This exercise calls for an exact transcription. Set down every record below.

Top of Given records

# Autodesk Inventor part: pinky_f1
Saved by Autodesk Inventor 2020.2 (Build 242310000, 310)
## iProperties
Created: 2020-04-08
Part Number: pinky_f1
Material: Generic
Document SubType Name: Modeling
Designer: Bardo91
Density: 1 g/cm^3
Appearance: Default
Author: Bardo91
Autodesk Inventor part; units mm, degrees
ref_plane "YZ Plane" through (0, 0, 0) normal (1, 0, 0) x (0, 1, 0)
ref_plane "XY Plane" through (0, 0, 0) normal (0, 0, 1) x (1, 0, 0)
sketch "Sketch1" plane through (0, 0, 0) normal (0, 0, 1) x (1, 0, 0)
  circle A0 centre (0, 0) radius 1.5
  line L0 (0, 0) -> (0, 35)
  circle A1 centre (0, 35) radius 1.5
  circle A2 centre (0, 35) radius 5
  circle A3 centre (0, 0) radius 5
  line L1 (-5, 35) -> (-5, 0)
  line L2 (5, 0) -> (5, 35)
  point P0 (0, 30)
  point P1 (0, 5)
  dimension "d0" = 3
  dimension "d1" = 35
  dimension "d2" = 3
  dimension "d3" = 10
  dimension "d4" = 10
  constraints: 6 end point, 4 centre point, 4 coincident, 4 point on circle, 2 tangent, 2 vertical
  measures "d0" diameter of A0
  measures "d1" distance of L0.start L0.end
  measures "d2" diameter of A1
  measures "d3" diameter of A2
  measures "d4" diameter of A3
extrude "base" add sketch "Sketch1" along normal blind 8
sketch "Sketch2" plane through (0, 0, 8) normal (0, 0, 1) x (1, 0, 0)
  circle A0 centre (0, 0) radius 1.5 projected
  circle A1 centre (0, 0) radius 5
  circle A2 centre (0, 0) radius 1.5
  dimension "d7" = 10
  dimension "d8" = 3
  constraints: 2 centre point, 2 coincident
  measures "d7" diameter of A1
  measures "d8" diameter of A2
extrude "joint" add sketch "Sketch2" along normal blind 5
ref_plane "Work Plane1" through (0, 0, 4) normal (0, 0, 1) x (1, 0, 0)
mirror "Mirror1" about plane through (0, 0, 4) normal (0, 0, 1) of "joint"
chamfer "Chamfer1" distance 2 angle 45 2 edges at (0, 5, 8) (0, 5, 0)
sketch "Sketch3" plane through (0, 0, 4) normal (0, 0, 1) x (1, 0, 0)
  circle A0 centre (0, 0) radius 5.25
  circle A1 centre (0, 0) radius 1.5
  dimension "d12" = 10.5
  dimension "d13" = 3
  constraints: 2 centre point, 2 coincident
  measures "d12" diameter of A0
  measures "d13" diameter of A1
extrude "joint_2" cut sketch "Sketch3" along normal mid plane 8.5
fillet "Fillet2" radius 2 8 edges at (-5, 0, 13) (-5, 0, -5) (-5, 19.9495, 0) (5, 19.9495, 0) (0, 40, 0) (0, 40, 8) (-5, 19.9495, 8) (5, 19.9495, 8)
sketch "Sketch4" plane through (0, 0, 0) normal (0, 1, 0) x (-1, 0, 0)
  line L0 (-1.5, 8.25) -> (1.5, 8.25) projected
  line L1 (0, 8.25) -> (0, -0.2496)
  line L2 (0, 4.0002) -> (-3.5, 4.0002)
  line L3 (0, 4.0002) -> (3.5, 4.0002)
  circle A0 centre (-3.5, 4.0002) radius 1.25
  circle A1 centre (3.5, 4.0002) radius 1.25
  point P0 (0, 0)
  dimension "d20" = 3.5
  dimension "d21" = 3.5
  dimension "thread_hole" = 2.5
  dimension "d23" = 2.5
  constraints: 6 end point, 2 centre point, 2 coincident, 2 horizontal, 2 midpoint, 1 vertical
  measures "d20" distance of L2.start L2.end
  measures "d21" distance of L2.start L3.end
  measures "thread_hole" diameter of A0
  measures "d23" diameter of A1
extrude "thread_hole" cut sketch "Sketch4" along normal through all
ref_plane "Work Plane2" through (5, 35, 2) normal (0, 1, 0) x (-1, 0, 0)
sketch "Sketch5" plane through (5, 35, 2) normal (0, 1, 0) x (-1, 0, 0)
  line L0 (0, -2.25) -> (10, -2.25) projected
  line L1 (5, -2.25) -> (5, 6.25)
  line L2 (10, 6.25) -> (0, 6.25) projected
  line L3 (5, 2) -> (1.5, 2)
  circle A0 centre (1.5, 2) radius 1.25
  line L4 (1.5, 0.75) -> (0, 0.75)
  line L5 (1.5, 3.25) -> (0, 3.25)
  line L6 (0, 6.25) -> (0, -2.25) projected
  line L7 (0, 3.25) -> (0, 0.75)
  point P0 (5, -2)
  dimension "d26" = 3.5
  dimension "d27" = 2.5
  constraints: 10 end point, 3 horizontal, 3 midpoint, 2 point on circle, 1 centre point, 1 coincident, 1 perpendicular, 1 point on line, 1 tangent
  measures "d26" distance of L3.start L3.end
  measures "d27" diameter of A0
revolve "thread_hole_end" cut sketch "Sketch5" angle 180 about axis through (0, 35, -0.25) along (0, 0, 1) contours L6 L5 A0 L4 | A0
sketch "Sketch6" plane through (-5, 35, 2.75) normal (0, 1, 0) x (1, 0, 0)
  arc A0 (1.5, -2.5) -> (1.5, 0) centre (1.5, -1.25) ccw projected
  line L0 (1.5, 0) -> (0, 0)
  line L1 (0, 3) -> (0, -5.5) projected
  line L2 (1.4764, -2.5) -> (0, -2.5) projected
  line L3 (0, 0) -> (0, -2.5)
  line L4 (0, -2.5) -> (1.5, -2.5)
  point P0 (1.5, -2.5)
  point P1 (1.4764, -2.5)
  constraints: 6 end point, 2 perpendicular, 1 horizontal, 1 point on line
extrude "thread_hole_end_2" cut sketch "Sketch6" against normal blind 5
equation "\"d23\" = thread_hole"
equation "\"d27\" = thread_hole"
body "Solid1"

Bottom of Given records

Written response:
# Autodesk Inventor part: pinky_f1
Saved by Autodesk Inventor 2020.2 (Build 242310000, 310)
## iProperties
Created: 2020-04-08
Part Number: pinky_f1
Material: Generic
Document SubType Name: Modeling
Designer: Bardo91
Density: 1 g/cm^3
Appearance: Default
Author: Bardo91
Autodesk Inventor part; units mm, degrees
ref_plane "YZ Plane" through (0, 0, 0) normal (1, 0, 0) x (0, 1, 0)
ref_plane "XY Plane" through (0, 0, 0) normal (0, 0, 1) x (1, 0, 0)
sketch "Sketch1" plane through (0, 0, 0) normal (0, 0, 1) x (1, 0, 0)
  circle A0 centre (0, 0) radius 1.5
  line L0 (0, 0) -> (0, 35)
  circle A1 centre (0, 35) radius 1.5
  circle A2 centre (0, 35) radius 5
  circle A3 centre (0, 0) radius 5
  line L1 (-5, 35) -> (-5, 0)
  line L2 (5, 0) -> (5, 35)
  point P0 (0, 30)
  point P1 (0, 5)
  dimension "d0" = 3
  dimension "d1" = 35
  dimension "d2" = 3
  dimension "d3" = 10
  dimension "d4" = 10
  constraints: 6 end point, 4 centre point, 4 coincident, 4 point on circle, 2 tangent, 2 vertical
  measures "d0" diameter of A0
  measures "d1" distance of L0.start L0.end
  measures "d2" diameter of A1
  measures "d3" diameter of A2
  measures "d4" diameter of A3
extrude "base" add sketch "Sketch1" along normal blind 8
sketch "Sketch2" plane through (0, 0, 8) normal (0, 0, 1) x (1, 0, 0)
  circle A0 centre (0, 0) radius 1.5 projected
  circle A1 centre (0, 0) radius 5
  circle A2 centre (0, 0) radius 1.5
  dimension "d7" = 10
  dimension "d8" = 3
  constraints: 2 centre point, 2 coincident
  measures "d7" diameter of A1
  measures "d8" diameter of A2
extrude "joint" add sketch "Sketch2" along normal blind 5
ref_plane "Work Plane1" through (0, 0, 4) normal (0, 0, 1) x (1, 0, 0)
mirror "Mirror1" about plane through (0, 0, 4) normal (0, 0, 1) of "joint"
chamfer "Chamfer1" distance 2 angle 45 2 edges at (0, 5, 8) (0, 5, 0)
sketch "Sketch3" plane through (0, 0, 4) normal (0, 0, 1) x (1, 0, 0)
  circle A0 centre (0, 0) radius 5.25
  circle A1 centre (0, 0) radius 1.5
  dimension "d12" = 10.5
  dimension "d13" = 3
  constraints: 2 centre point, 2 coincident
  measures "d12" diameter of A0
  measures "d13" diameter of A1
extrude "joint_2" cut sketch "Sketch3" along normal mid plane 8.5
fillet "Fillet2" radius 2 8 edges at (-5, 0, 13) (-5, 0, -5) (-5, 19.9495, 0) (5, 19.9495, 0) (0, 40, 0) (0, 40, 8) (-5, 19.9495, 8) (5, 19.9495, 8)
sketch "Sketch4" plane through (0, 0, 0) normal (0, 1, 0) x (-1, 0, 0)
  line L0 (-1.5, 8.25) -> (1.5, 8.25) projected
  line L1 (0, 8.25) -> (0, -0.2496)
  line L2 (0, 4.0002) -> (-3.5, 4.0002)
  line L3 (0, 4.0002) -> (3.5, 4.0002)
  circle A0 centre (-3.5, 4.0002) radius 1.25
  circle A1 centre (3.5, 4.0002) radius 1.25
  point P0 (0, 0)
  dimension "d20" = 3.5
  dimension "d21" = 3.5
  dimension "thread_hole" = 2.5
  dimension "d23" = 2.5
  constraints: 6 end point, 2 centre point, 2 coincident, 2 horizontal, 2 midpoint, 1 vertical
  measures "d20" distance of L2.start L2.end
  measures "d21" distance of L2.start L3.end
  measures "thread_hole" diameter of A0
  measures "d23" diameter of A1
extrude "thread_hole" cut sketch "Sketch4" along normal through all
ref_plane "Work Plane2" through (5, 35, 2) normal (0, 1, 0) x (-1, 0, 0)
sketch "Sketch5" plane through (5, 35, 2) normal (0, 1, 0) x (-1, 0, 0)
  line L0 (0, -2.25) -> (10, -2.25) projected
  line L1 (5, -2.25) -> (5, 6.25)
  line L2 (10, 6.25) -> (0, 6.25) projected
  line L3 (5, 2) -> (1.5, 2)
  circle A0 centre (1.5, 2) radius 1.25
  line L4 (1.5, 0.75) -> (0, 0.75)
  line L5 (1.5, 3.25) -> (0, 3.25)
  line L6 (0, 6.25) -> (0, -2.25) projected
  line L7 (0, 3.25) -> (0, 0.75)
  point P0 (5, -2)
  dimension "d26" = 3.5
  dimension "d27" = 2.5
  constraints: 10 end point, 3 horizontal, 3 midpoint, 2 point on circle, 1 centre point, 1 coincident, 1 perpendicular, 1 point on line, 1 tangent
  measures "d26" distance of L3.start L3.end
  measures "d27" diameter of A0
revolve "thread_hole_end" cut sketch "Sketch5" angle 180 about axis through (0, 35, -0.25) along (0, 0, 1) contours L6 L5 A0 L4 | A0
sketch "Sketch6" plane through (-5, 35, 2.75) normal (0, 1, 0) x (1, 0, 0)
  arc A0 (1.5, -2.5) -> (1.5, 0) centre (1.5, -1.25) ccw projected
  line L0 (1.5, 0) -> (0, 0)
  line L1 (0, 3) -> (0, -5.5) projected
  line L2 (1.4764, -2.5) -> (0, -2.5) projected
  line L3 (0, 0) -> (0, -2.5)
  line L4 (0, -2.5) -> (1.5, -2.5)
  point P0 (1.5, -2.5)
  point P1 (1.4764, -2.5)
  constraints: 6 end point, 2 perpendicular, 1 horizontal, 1 point on line
extrude "thread_hole_end_2" cut sketch "Sketch6" against normal blind 5
equation "\"d23\" = thread_hole"
equation "\"d27\" = thread_hole"
body "Solid1"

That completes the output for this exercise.